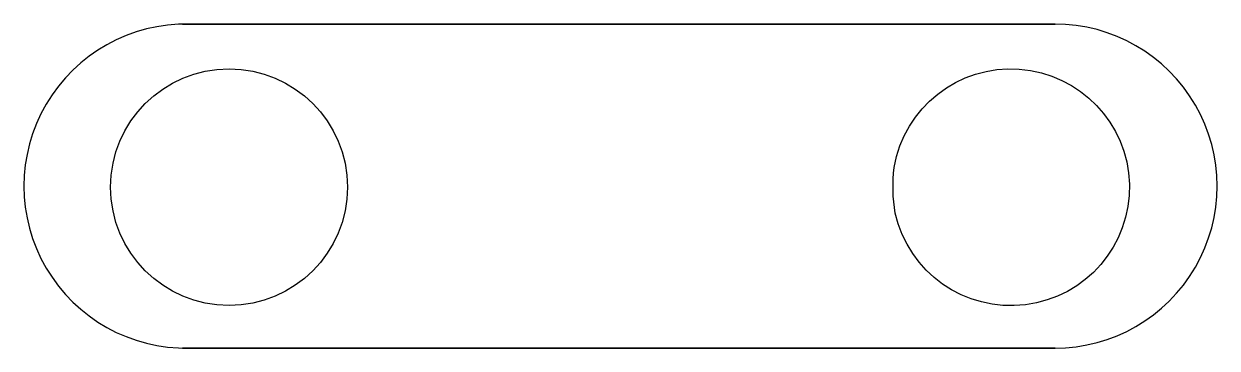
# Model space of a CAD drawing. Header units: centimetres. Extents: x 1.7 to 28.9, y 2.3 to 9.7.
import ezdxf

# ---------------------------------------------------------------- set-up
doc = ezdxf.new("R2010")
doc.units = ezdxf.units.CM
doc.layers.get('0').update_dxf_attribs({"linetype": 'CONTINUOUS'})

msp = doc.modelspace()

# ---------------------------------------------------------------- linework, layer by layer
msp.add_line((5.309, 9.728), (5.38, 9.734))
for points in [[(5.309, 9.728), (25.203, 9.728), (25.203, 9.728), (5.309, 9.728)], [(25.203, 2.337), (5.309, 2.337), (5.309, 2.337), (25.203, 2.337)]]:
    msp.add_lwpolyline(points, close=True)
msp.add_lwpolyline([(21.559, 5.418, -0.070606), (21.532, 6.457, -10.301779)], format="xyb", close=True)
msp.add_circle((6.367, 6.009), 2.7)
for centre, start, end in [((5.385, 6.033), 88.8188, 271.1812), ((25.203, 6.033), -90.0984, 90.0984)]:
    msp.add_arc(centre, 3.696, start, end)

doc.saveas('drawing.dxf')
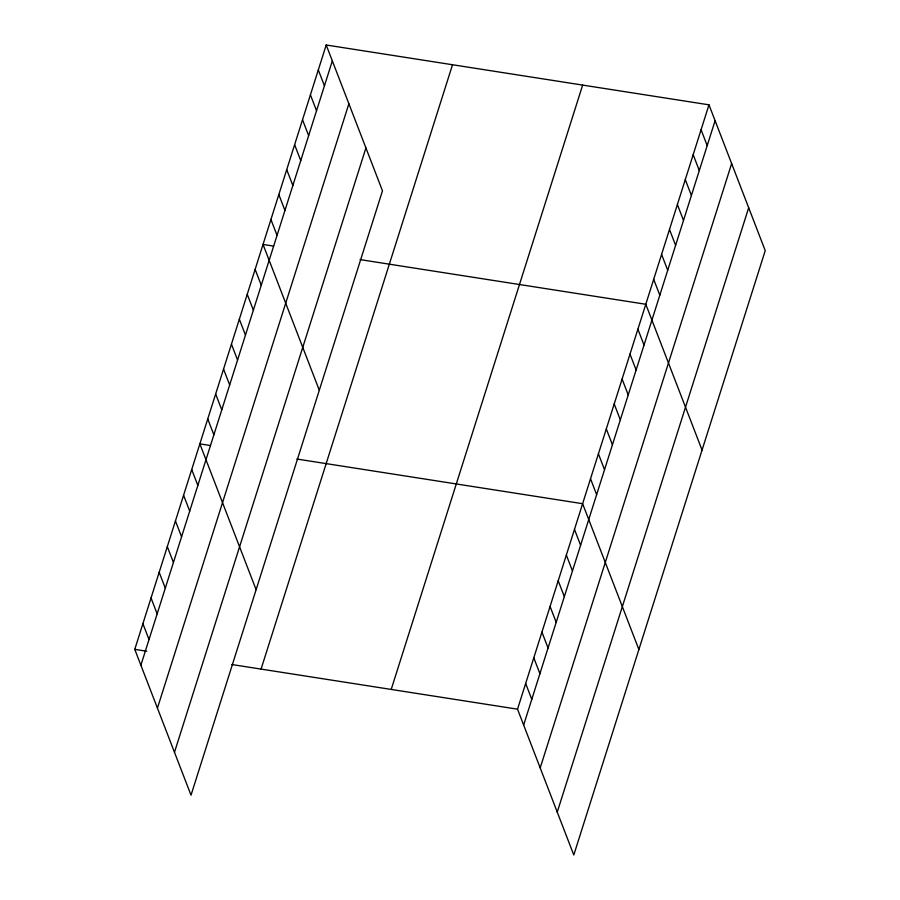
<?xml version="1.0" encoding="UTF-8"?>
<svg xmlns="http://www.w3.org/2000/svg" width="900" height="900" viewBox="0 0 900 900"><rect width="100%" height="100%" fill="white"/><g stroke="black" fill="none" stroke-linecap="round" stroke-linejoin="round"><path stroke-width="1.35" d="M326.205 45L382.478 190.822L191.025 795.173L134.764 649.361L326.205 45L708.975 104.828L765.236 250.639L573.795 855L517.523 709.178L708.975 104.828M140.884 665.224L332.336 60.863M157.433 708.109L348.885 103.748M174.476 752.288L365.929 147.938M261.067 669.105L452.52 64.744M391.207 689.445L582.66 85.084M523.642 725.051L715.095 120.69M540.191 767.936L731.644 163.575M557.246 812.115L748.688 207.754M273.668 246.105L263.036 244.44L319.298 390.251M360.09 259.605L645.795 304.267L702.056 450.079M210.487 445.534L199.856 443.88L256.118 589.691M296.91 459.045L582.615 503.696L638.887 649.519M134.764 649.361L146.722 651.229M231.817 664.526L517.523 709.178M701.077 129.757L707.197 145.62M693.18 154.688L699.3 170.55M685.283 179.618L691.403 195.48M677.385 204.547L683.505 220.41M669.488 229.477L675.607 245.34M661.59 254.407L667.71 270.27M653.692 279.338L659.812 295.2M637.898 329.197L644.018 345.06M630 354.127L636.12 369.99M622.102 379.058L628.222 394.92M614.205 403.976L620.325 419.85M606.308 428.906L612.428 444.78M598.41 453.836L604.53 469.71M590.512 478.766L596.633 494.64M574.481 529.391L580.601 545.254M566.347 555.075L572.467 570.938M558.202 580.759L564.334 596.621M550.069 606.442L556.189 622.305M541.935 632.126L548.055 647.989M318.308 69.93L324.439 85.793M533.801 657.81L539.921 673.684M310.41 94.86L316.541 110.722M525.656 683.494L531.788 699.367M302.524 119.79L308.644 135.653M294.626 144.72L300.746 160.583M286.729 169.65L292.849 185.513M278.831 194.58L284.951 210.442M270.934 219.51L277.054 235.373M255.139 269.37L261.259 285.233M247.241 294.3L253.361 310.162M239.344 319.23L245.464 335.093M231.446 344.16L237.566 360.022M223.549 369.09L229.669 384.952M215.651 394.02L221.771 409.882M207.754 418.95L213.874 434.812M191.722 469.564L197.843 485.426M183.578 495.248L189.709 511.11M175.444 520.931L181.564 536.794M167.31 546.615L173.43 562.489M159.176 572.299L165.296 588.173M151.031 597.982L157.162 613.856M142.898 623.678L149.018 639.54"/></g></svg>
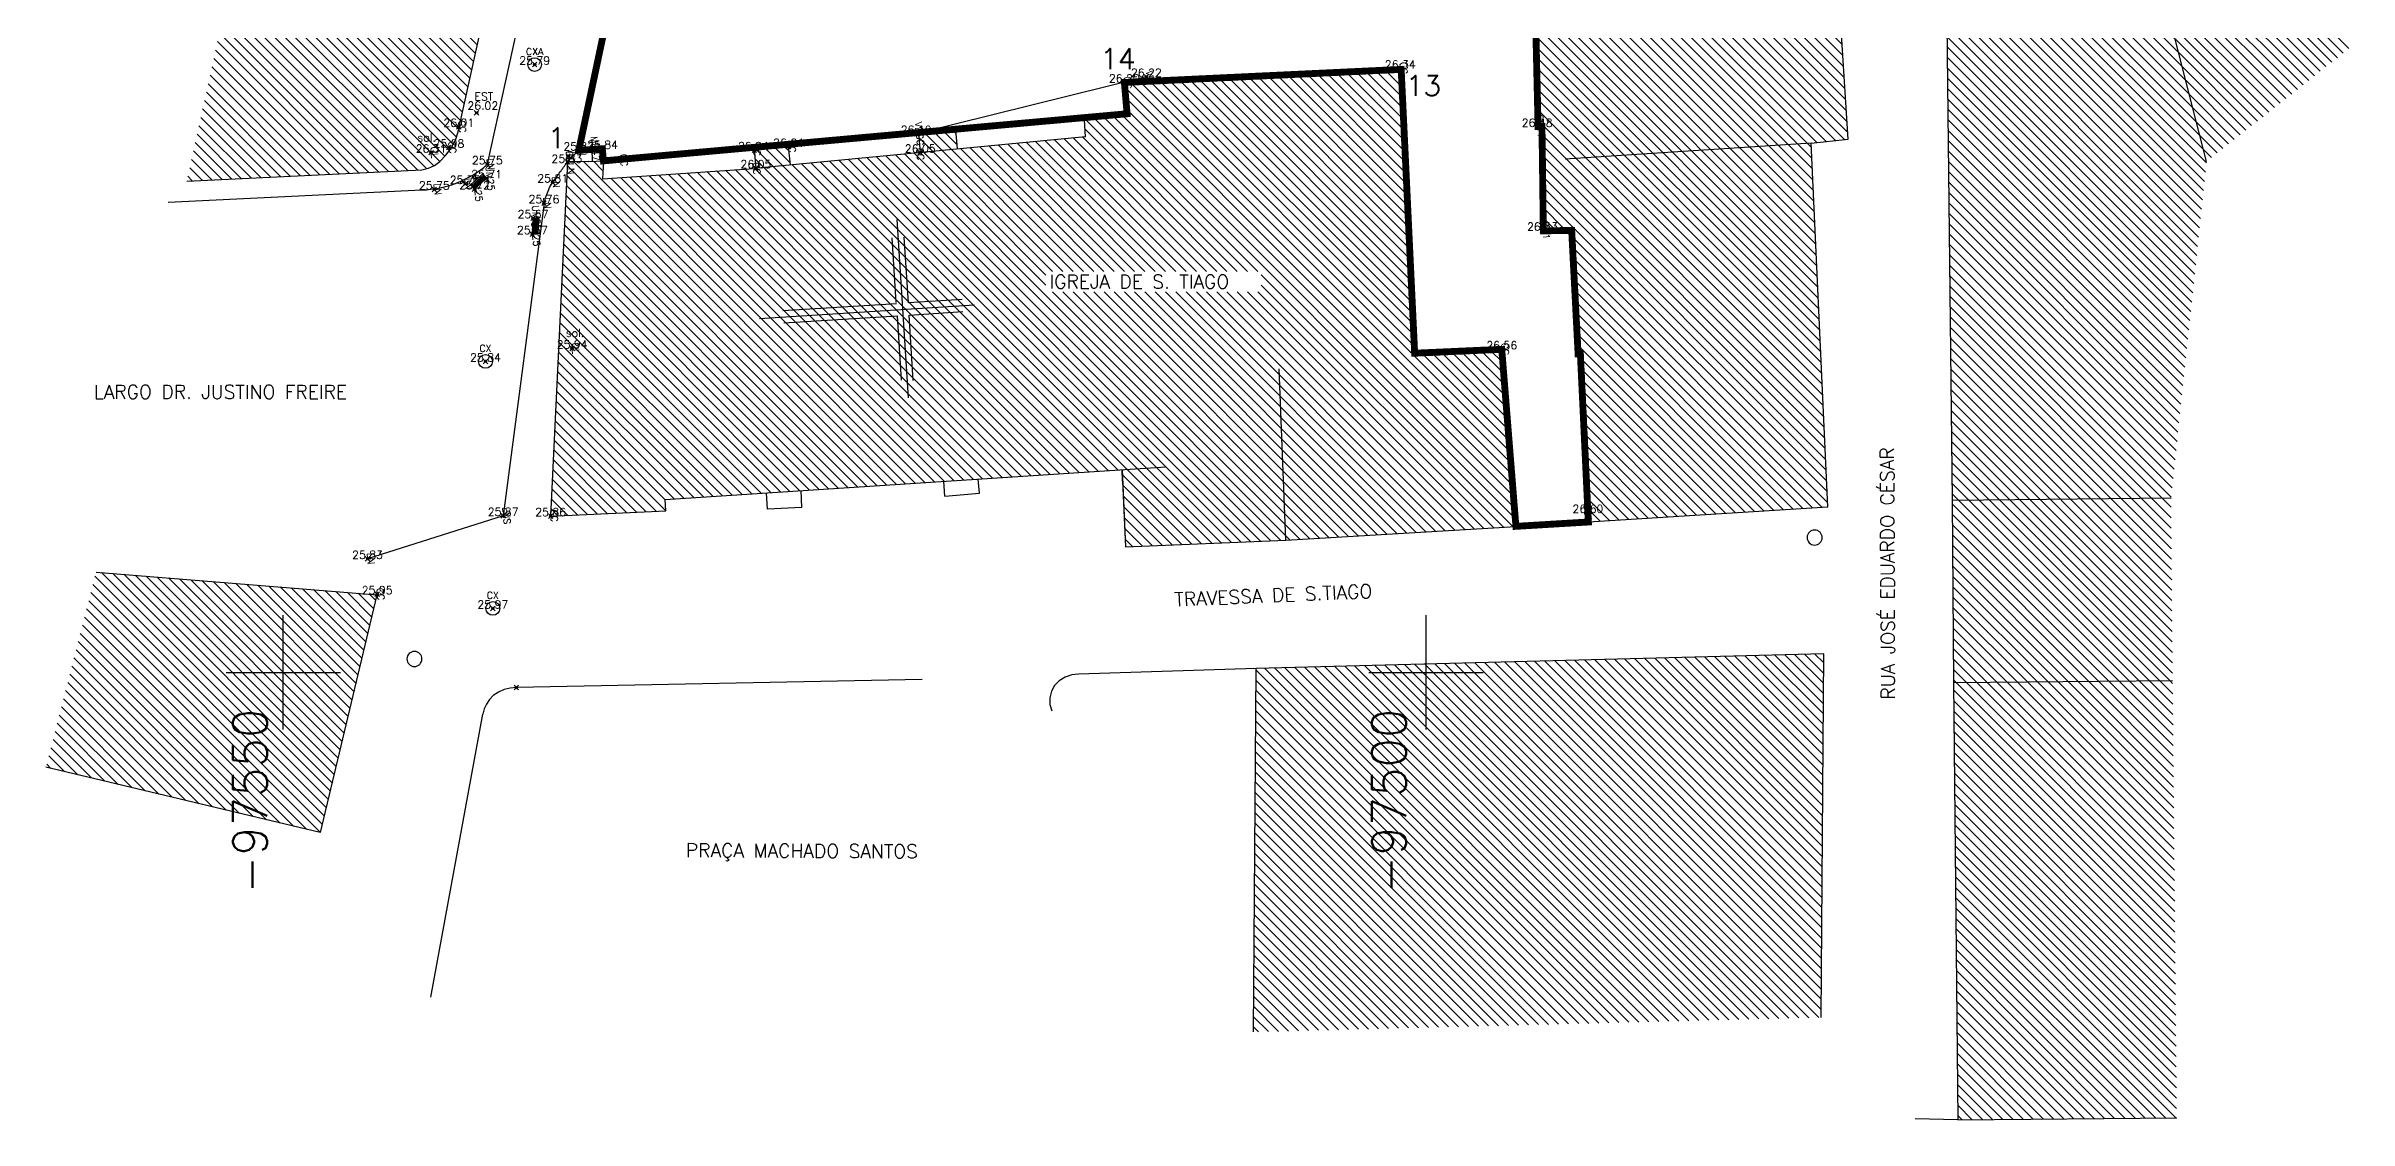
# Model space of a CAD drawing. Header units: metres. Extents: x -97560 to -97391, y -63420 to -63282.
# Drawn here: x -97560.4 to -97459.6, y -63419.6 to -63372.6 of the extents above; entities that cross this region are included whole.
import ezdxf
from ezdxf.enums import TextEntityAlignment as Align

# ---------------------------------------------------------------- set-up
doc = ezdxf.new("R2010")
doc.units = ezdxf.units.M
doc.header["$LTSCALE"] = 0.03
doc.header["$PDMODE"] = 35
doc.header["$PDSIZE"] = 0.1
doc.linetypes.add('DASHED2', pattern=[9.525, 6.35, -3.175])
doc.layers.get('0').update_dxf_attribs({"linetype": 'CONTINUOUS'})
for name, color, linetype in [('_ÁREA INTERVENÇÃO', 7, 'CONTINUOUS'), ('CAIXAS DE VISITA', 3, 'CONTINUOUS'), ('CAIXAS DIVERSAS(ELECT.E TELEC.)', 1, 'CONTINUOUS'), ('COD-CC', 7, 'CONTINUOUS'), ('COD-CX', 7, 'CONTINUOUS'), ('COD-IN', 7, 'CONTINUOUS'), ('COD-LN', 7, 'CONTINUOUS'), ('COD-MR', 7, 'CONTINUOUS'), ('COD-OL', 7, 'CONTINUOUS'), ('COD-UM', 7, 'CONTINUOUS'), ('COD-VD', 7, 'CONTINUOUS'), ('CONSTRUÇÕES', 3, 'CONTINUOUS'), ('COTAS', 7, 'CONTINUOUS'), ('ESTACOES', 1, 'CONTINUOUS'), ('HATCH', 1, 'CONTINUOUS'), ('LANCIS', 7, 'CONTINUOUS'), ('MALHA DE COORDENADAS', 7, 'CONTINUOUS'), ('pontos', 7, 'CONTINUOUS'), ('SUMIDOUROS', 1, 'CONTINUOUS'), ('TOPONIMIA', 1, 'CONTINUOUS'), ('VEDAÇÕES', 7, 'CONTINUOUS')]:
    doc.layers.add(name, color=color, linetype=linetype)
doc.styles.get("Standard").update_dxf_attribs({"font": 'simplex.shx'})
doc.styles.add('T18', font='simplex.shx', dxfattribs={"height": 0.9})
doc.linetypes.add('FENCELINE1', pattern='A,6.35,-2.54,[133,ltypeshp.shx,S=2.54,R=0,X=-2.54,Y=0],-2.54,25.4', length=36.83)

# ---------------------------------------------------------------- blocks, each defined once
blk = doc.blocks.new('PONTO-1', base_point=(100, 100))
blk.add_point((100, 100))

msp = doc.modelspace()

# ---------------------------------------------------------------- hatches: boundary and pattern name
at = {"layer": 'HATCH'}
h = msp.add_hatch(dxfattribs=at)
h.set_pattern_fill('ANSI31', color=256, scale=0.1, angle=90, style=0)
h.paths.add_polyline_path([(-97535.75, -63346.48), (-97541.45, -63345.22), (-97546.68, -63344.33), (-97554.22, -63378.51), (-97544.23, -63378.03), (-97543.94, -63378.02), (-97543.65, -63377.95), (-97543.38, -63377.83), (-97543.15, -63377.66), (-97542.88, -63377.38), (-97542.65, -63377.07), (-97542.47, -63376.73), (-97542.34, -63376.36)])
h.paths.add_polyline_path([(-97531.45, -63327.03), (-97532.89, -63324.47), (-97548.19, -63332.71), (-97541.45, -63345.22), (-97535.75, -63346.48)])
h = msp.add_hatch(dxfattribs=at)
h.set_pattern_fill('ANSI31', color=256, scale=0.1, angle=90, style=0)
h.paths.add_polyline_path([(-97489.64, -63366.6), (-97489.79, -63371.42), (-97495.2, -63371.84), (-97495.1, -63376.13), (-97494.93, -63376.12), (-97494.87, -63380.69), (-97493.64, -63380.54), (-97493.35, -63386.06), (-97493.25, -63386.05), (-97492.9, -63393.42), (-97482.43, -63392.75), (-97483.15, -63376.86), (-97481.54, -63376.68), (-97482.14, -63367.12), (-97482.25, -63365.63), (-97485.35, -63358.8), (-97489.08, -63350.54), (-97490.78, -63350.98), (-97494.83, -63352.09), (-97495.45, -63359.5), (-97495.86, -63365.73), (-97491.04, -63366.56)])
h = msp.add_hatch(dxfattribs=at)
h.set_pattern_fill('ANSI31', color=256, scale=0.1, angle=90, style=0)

Problem requirements: Begin at the first line of the material and copy each line exactly through the one containing "doc.units = ezdxf.units.CM". Omit pictures.

Your solution:
# Model space of a CAD drawing. Header units: centimetres. Extents: x 1.7 to 28.9, y 2.3 to 9.7.
import ezdxf

# ---------------------------------------------------------------- set-up
doc = ezdxf.new("R2010")
doc.units = ezdxf.units.CM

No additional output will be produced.